Let us now consider an arbitrary plane domain, whose boundary \(L\) we require to be such that the angle between the \(Ox\) axis and the radius vector drawn through the boundary point \((x_1,y_1)\), and the angle between this radius vector and the tangent to the contour at the point \((x_1,y_1)\), belong to the space \(E_\lambda\), while the angle between the normal at the point \((x_1,y_1)\) and the \(Ox\) axis belongs to the space \(E_{\lambda,1}\). Then the following propositions hold.

Lemma 6. Let \(\mathbf{u}^{(1)}=(u_x^{(1)},u_y^{(1)})\) be the vector whose components are the regular components of the Green tensor for the problem of the linear theory of elasticity. Then the estimates

\[ |D_1\mathbf{u}^{(1)}(x,y;\xi,\eta)|\le \frac{C_1}{r_{02}}, \qquad |D_2\mathbf{u}^{(1)}(x,y;\xi,\eta)|\le \frac{C_2}{r_{02}^{2}}, \]

\[ |D_3\mathbf{u}^{(1)}(x,y;\xi,\eta)|\le \frac{C_3}{r_{02}^{3}}, \]

where \(r_{02}^{2}=(x-\xi)^2+(y-\eta)^2\); \(C_k\) are constants; \(D_k\) is the \(k\)-th derivative of \(\mathbf{u}^{(1)}\).

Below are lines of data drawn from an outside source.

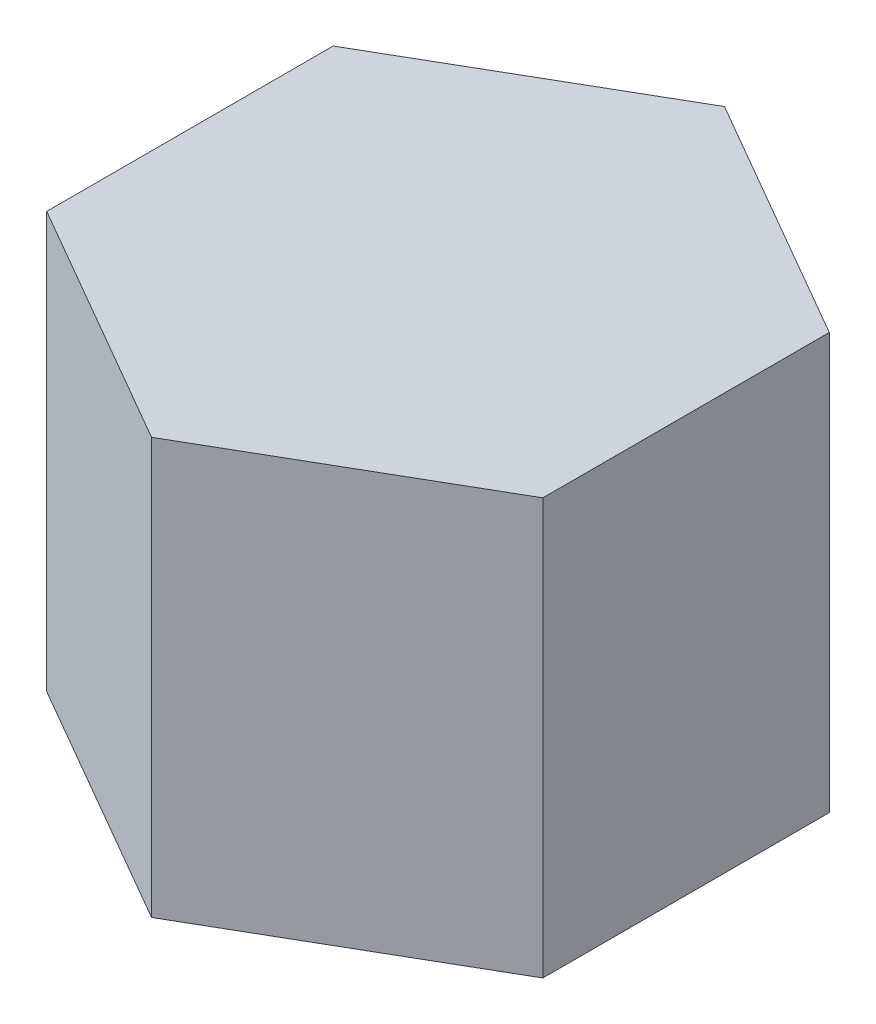
ISO-10303-21;
HEADER;
FILE_DESCRIPTION(('STEP AP214'),'2;1');
FILE_NAME('part.step','',(''),(''),'','','');
FILE_SCHEMA(('AUTOMOTIVE_DESIGN { 1 0 10303 214 1 1 1 1 }'));
ENDSEC;
DATA;
#1=APPLICATION_CONTEXT('core data for automotive mechanical design processes');
#2=APPLICATION_PROTOCOL_DEFINITION('international standard','automotive_design',2000,#1);
#3=PRODUCT_CONTEXT('',#1,'mechanical');
#4=PRODUCT('Part','Part','',(#3));
#5=PRODUCT_RELATED_PRODUCT_CATEGORY('part','',(#4));
#6=PRODUCT_DEFINITION_FORMATION('','',#4);
#7=PRODUCT_DEFINITION_CONTEXT('part definition',#1,'design');
#8=PRODUCT_DEFINITION('design','',#6,#7);
#9=PRODUCT_DEFINITION_SHAPE('','',#8);
#10=(LENGTH_UNIT() NAMED_UNIT(*) SI_UNIT(.MILLI.,.METRE.));
#11=(NAMED_UNIT(*) PLANE_ANGLE_UNIT() SI_UNIT($,.RADIAN.));
#12=(NAMED_UNIT(*) SI_UNIT($,.STERADIAN.) SOLID_ANGLE_UNIT());
#13=UNCERTAINTY_MEASURE_WITH_UNIT(LENGTH_MEASURE(1.E-05),#10,'distance_accuracy_value','');
#14=(GEOMETRIC_REPRESENTATION_CONTEXT(3) GLOBAL_UNCERTAINTY_ASSIGNED_CONTEXT((#13)) GLOBAL_UNIT_ASSIGNED_CONTEXT((#10,
#11,#12)) REPRESENTATION_CONTEXT('',''));
#15=CARTESIAN_POINT('',(0.,0.,0.));
#16=DIRECTION('',(0.,0.,1.));
#17=DIRECTION('',(1.,0.,0.));
#18=AXIS2_PLACEMENT_3D('',#15,#16,#17);
#19=CARTESIAN_POINT('',(202.142660308706,-148.537700895744,292.372996624279));
#20=DIRECTION('',(-0.500000000000028,0.,-0.866025403784423));
#21=DIRECTION('',(-0.866025403784423,0.,0.500000000000028));
#22=AXIS2_PLACEMENT_3D('',#19,#20,#21);
#23=PLANE('',#22);
#24=CARTESIAN_POINT('',(201.839551417382,-149.045793579175,292.547996624279));
#25=DIRECTION('',(0.866025403784422,0.,-0.500000000000028));
#26=VECTOR('',#25,1.);
#27=LINE('',#24,#26);
#28=CARTESIAN_POINT('',(201.839551417382,-149.045793579175,292.547996624279));
#29=VERTEX_POINT('',#28);
#30=CARTESIAN_POINT('',(202.142660308706,-149.045793579175,292.372996624279));
#31=VERTEX_POINT('',#30);
#32=EDGE_CURVE('E170',#29,#31,#27,.T.);
#33=ORIENTED_EDGE('',*,*,#32,.T.);
#34=CARTESIAN_POINT('',(202.142660308706,-148.537700895744,292.372996624279));
#35=DIRECTION('',(0.,-1.,0.));
#36=VECTOR('',#35,1.);
#37=LINE('',#34,#36);
#38=CARTESIAN_POINT('',(202.142660308706,-148.537700895744,292.372996624279));
#39=VERTEX_POINT('',#38);
#40=EDGE_CURVE('E35',#39,#31,#37,.T.);
#41=ORIENTED_EDGE('',*,*,#40,.F.);
#42=CARTESIAN_POINT('',(201.839551417382,-148.537700895744,292.547996624279));
#43=DIRECTION('',(0.866025403784422,0.,-0.500000000000028));
#44=VECTOR('',#43,1.);
#45=LINE('',#42,#44);
#46=CARTESIAN_POINT('',(201.839551417382,-148.537700895744,292.547996624279));
#47=VERTEX_POINT('',#46);
#48=EDGE_CURVE('E159',#47,#39,#45,.T.);
#49=ORIENTED_EDGE('',*,*,#48,.F.);
#50=CARTESIAN_POINT('',(201.839551417382,-148.537700895744,292.547996624279));
#51=DIRECTION('',(0.,-1.,0.));
#52=VECTOR('',#51,1.);
#53=LINE('',#50,#52);
#54=EDGE_CURVE('E10',#47,#29,#53,.T.);
#55=ORIENTED_EDGE('',*,*,#54,.T.);
#56=EDGE_LOOP('',(#33,#41,#49,#55));
#57=FACE_BOUND('',#56,.T.);
#58=ADVANCED_FACE('F16',(#57),#23,.F.);
#59=CARTESIAN_POINT('',(201.839551417382,-148.537700895744,292.547996624279));
#60=DIRECTION('',(0.499999999999978,0.,-0.866025403784452));
#61=DIRECTION('',(-0.866025403784452,0.,-0.499999999999978));
#62=AXIS2_PLACEMENT_3D('',#59,#60,#61);
#63=PLANE('',#62);
#64=CARTESIAN_POINT('',(201.536442526057,-149.045793579175,292.372996624279));
#65=DIRECTION('',(0.866025403784452,0.,0.499999999999978));
#66=VECTOR('',#65,1.);
#67=LINE('',#64,#66);
#68=CARTESIAN_POINT('',(201.536442526057,-149.045793579175,292.372996624279));
#69=VERTEX_POINT('',#68);
#70=EDGE_CURVE('E167',#69,#29,#67,.T.);
#71=ORIENTED_EDGE('',*,*,#70,.T.);
#72=ORIENTED_EDGE('',*,*,#54,.F.);
#73=CARTESIAN_POINT('',(201.536442526057,-148.537700895744,292.372996624279));
#74=DIRECTION('',(0.866025403784452,0.,0.499999999999978));
#75=VECTOR('',#74,1.);
#76=LINE('',#73,#75);
#77=CARTESIAN_POINT('',(201.536442526057,-148.537700895744,292.372996624279));
#78=VERTEX_POINT('',#77);
#79=EDGE_CURVE('E156',#78,#47,#76,.T.);
#80=ORIENTED_EDGE('',*,*,#79,.F.);
#81=CARTESIAN_POINT('',(201.536442526057,-148.537700895744,292.372996624279));
#82=DIRECTION('',(0.,-1.,0.));
#83=VECTOR('',#82,1.);
#84=LINE('',#81,#83);
#85=EDGE_CURVE('E27',#78,#69,#84,.T.);
#86=ORIENTED_EDGE('',*,*,#85,.T.);
#87=EDGE_LOOP('',(#71,#72,#80,#86));
#88=FACE_BOUND('',#87,.T.);
#89=ADVANCED_FACE('F189',(#88),#63,.F.);
#90=CARTESIAN_POINT('',(201.536442526057,-148.537700895744,290.831971220494));
#91=DIRECTION('',(1.,0.,0.));
#92=DIRECTION('',(0.,1.,0.));
#93=AXIS2_PLACEMENT_3D('',#90,#91,#92);
#94=PLANE('',#93);
#95=CARTESIAN_POINT('',(201.536442526057,-149.045793579175,292.022996624279));
#96=DIRECTION('',(0.,0.,1.));
#97=VECTOR('',#96,1.);
#98=LINE('',#95,#97);
#99=CARTESIAN_POINT('',(201.536442526057,-149.045793579175,292.022996624279));
#100=VERTEX_POINT('',#99);
#101=EDGE_CURVE('E163',#100,#69,#98,.T.);
#102=ORIENTED_EDGE('',*,*,#101,.T.);
#103=ORIENTED_EDGE('',*,*,#85,.F.);
#104=CARTESIAN_POINT('',(201.536442526057,-148.537700895744,292.022996624279));
#105=DIRECTION('',(0.,0.,1.));
#106=VECTOR('',#105,1.);
#107=LINE('',#104,#106);
#108=CARTESIAN_POINT('',(201.536442526057,-148.537700895744,292.022996624279));
#109=VERTEX_POINT('',#108);
#110=EDGE_CURVE('E106',#109,#78,#107,.T.);
#111=ORIENTED_EDGE('',*,*,#110,.F.);
#112=CARTESIAN_POINT('',(201.536442526057,-148.537700895744,292.022996624279));
#113=DIRECTION('',(0.,-1.,0.));
#114=VECTOR('',#113,1.);
#115=LINE('',#112,#114);
#116=EDGE_CURVE('E94',#109,#100,#115,.T.);
#117=ORIENTED_EDGE('',*,*,#116,.T.);
#118=EDGE_LOOP('',(#102,#103,#111,#117));
#119=FACE_BOUND('',#118,.T.);
#120=ADVANCED_FACE('F198',(#119),#94,.F.);
#121=CARTESIAN_POINT('',(201.536442526057,-148.537700895744,292.022996624279));
#122=DIRECTION('',(0.499999999999943,0.,0.866025403784472));
#123=DIRECTION('',(0.866025403784472,0.,-0.499999999999943));
#124=AXIS2_PLACEMENT_3D('',#121,#122,#123);
#125=PLANE('',#124);
#126=CARTESIAN_POINT('',(201.839551417382,-149.045793579175,291.847996624279));
#127=DIRECTION('',(-0.866025403784471,0.,0.499999999999943));
#128=VECTOR('',#127,1.);
#129=LINE('',#126,#128);
#130=CARTESIAN_POINT('',(201.839551417382,-149.045793579175,291.847996624279));
#131=VERTEX_POINT('',#130);
#132=EDGE_CURVE('E162',#131,#100,#129,.T.);
#133=ORIENTED_EDGE('',*,*,#132,.T.);
#134=ORIENTED_EDGE('',*,*,#116,.F.);
#135=CARTESIAN_POINT('',(201.839551417382,-148.537700895744,291.847996624279));
#136=DIRECTION('',(-0.866025403784471,0.,0.499999999999943));
#137=VECTOR('',#136,1.);
#138=LINE('',#135,#137);
#139=CARTESIAN_POINT('',(201.839551417382,-148.537700895744,291.847996624279));
#140=VERTEX_POINT('',#139);
#141=EDGE_CURVE('E98',#140,#109,#138,.T.);
#142=ORIENTED_EDGE('',*,*,#141,.F.);
#143=CARTESIAN_POINT('',(201.839551417382,-148.537700895744,291.847996624279));
#144=DIRECTION('',(0.,-1.,0.));
#145=VECTOR('',#144,1.);
#146=LINE('',#143,#145);
#147=EDGE_CURVE('E79',#140,#131,#146,.T.);
#148=ORIENTED_EDGE('',*,*,#147,.T.);
#149=EDGE_LOOP('',(#133,#134,#142,#148));
#150=FACE_BOUND('',#149,.T.);
#151=ADVANCED_FACE('F100',(#150),#125,.F.);
#152=CARTESIAN_POINT('',(201.839551417381,-148.537700895744,291.847996624279));
#153=DIRECTION('',(-0.500000000000028,0.,0.866025403784423));
#154=DIRECTION('',(0.866025403784423,0.,0.500000000000028));
#155=AXIS2_PLACEMENT_3D('',#152,#153,#154);
#156=PLANE('',#155);
#157=CARTESIAN_POINT('',(202.142660308706,-149.045793579175,292.022996624279));
#158=DIRECTION('',(-0.866025403784422,0.,-0.500000000000028));
#159=VECTOR('',#158,1.);
#160=LINE('',#157,#159);
#161=CARTESIAN_POINT('',(202.142660308706,-149.045793579175,292.022996624279));
#162=VERTEX_POINT('',#161);
#163=EDGE_CURVE('E88',#162,#131,#160,.T.);
#164=ORIENTED_EDGE('',*,*,#163,.T.);
#165=ORIENTED_EDGE('',*,*,#147,.F.);
#166=CARTESIAN_POINT('',(202.142660308706,-148.537700895744,292.022996624279));
#167=DIRECTION('',(-0.866025403784422,0.,-0.500000000000028));
#168=VECTOR('',#167,1.);
#169=LINE('',#166,#168);
#170=CARTESIAN_POINT('',(202.142660308706,-148.537700895744,292.022996624279));
#171=VERTEX_POINT('',#170);
#172=EDGE_CURVE('E84',#171,#140,#169,.T.);
#173=ORIENTED_EDGE('',*,*,#172,.F.);
#174=CARTESIAN_POINT('',(202.142660308706,-148.537700895744,292.022996624279));
#175=DIRECTION('',(0.,-1.,0.));
#176=VECTOR('',#175,1.);
#177=LINE('',#174,#176);
#178=EDGE_CURVE('E58',#171,#162,#177,.T.);
#179=ORIENTED_EDGE('',*,*,#178,.T.);
#180=EDGE_LOOP('',(#164,#165,#173,#179));
#181=FACE_BOUND('',#180,.T.);
#182=ADVANCED_FACE('F82',(#181),#156,.F.);
#183=CARTESIAN_POINT('',(202.142660308706,-148.537700895744,290.831971220494));
#184=DIRECTION('',(-1.,0.,0.));
#185=DIRECTION('',(0.,-1.,0.));
#186=AXIS2_PLACEMENT_3D('',#183,#184,#185);
#187=PLANE('',#186);
#188=CARTESIAN_POINT('',(202.142660308706,-149.045793579175,292.372996624279));
#189=DIRECTION('',(0.,0.,-1.));
#190=VECTOR('',#189,1.);
#191=LINE('',#188,#190);
#192=EDGE_CURVE('E160',#31,#162,#191,.T.);
#193=ORIENTED_EDGE('',*,*,#192,.T.);
#194=ORIENTED_EDGE('',*,*,#178,.F.);
#195=CARTESIAN_POINT('',(202.142660308706,-148.537700895744,292.372996624279));
#196=DIRECTION('',(0.,0.,-1.));
#197=VECTOR('',#196,1.);
#198=LINE('',#195,#197);
#199=EDGE_CURVE('E112',#39,#171,#198,.T.);
#200=ORIENTED_EDGE('',*,*,#199,.F.);
#201=ORIENTED_EDGE('',*,*,#40,.T.);
#202=EDGE_LOOP('',(#193,#194,#200,#201));
#203=FACE_BOUND('',#202,.T.);
#204=ADVANCED_FACE('F131',(#203),#187,.F.);
#205=CARTESIAN_POINT('',(206.339551417382,-148.537700895744,290.831971220494));
#206=DIRECTION('',(0.,-1.,0.));
#207=DIRECTION('',(1.,0.,0.));
#208=AXIS2_PLACEMENT_3D('',#205,#206,#207);
#209=PLANE('',#208);
#210=ORIENTED_EDGE('',*,*,#48,.T.);
#211=ORIENTED_EDGE('',*,*,#199,.T.);
#212=ORIENTED_EDGE('',*,*,#172,.T.);
#213=ORIENTED_EDGE('',*,*,#141,.T.);
#214=ORIENTED_EDGE('',*,*,#110,.T.);
#215=ORIENTED_EDGE('',*,*,#79,.T.);
#216=EDGE_LOOP('',(#210,#211,#212,#213,#214,#215));
#217=FACE_BOUND('',#216,.T.);
#218=ADVANCED_FACE('F111',(#217),#209,.F.);
#219=CARTESIAN_POINT('',(206.339551417382,-149.045793579175,290.831971220494));
#220=DIRECTION('',(0.,-1.,0.));
#221=DIRECTION('',(1.,0.,0.));
#222=AXIS2_PLACEMENT_3D('',#219,#220,#221);
#223=PLANE('',#222);
#224=ORIENTED_EDGE('',*,*,#32,.F.);
#225=ORIENTED_EDGE('',*,*,#70,.F.);
#226=ORIENTED_EDGE('',*,*,#101,.F.);
#227=ORIENTED_EDGE('',*,*,#132,.F.);
#228=ORIENTED_EDGE('',*,*,#163,.F.);
#229=ORIENTED_EDGE('',*,*,#192,.F.);
#230=EDGE_LOOP('',(#224,#225,#226,#227,#228,#229));
#231=FACE_BOUND('',#230,.T.);
#232=ADVANCED_FACE('F130',(#231),#223,.T.);
#233=CLOSED_SHELL('',(#58,#89,#120,#151,#182,#204,#218,#232));
#234=MANIFOLD_SOLID_BREP('B1',#233);
#235=ADVANCED_BREP_SHAPE_REPRESENTATION('',(#18,#234),#14);
#236=SHAPE_DEFINITION_REPRESENTATION(#9,#235);
ENDSEC;
END-ISO-10303-21;

Lemma 7. If the boundary \(L\) of the domain satisfies the conditions formulated above, then the operator \(\widetilde{P}'_{(0)}\) has an inverse, acting from \(E_\lambda\) to \(E_{\lambda',2}\), and such that \(\|[\widetilde{P}'_{(0)}]^{-1}\|_{\lambda',2}\leq B_0,\ \lambda'<\lambda\).

Theorem 3. If the vector \(\mathbf{K}\in E_\lambda\) and the boundary \(L\) of the domain is of the type indicated above, then for \(\varkappa\leq (2B_0^2N\eta_0)^{-1}\) there exists a unique solution \(\mathbf{u}^*\) of problem \((I')\), lying in a neighborhood of 0 determined by the inequality

\[ \|\mathbf{u}\|_{\lambda',2}\leq \frac{1-\sqrt{1-2h}}{h}\,B_0\eta_0. \]

For \(\varkappa < (2B_0^2N\eta_0)^{-1}\) the modified Newton process converges to the solution with the rate determined by the inequality

\[ \|\mathbf{u}'_n-\mathbf{u}^*\|_{\lambda',2}\leq q^{\,n-1}\|\mathbf{u}_1-\mathbf{u}^*\|_{\lambda',2}, \]

where

\[ q=1-\sqrt{1-2h}<1. \]

In conclusion I express my sincere gratitude to S. G. Mikhlin for suggesting the topic and for valuable advice.

Leningrad State University
named after A. A. Zhdanov

Received
15 XI 1956

CITED LITERATURE

¹ S. L. Sobolev, Some Applications of Functional Analysis in Mathematical Physics, L., 1950. ² L. V. Kantorovich, Uspekhi Mat. Nauk, 3, issue 6, 89 (1948). ³ A. A. Ilyushin, Plasticity, 1948. ⁴ O. V. Guseva, DAN, 102, 1069 (1955). ⁵ A. Korn, Abhandl. Preuss. Acad., 1 (1909).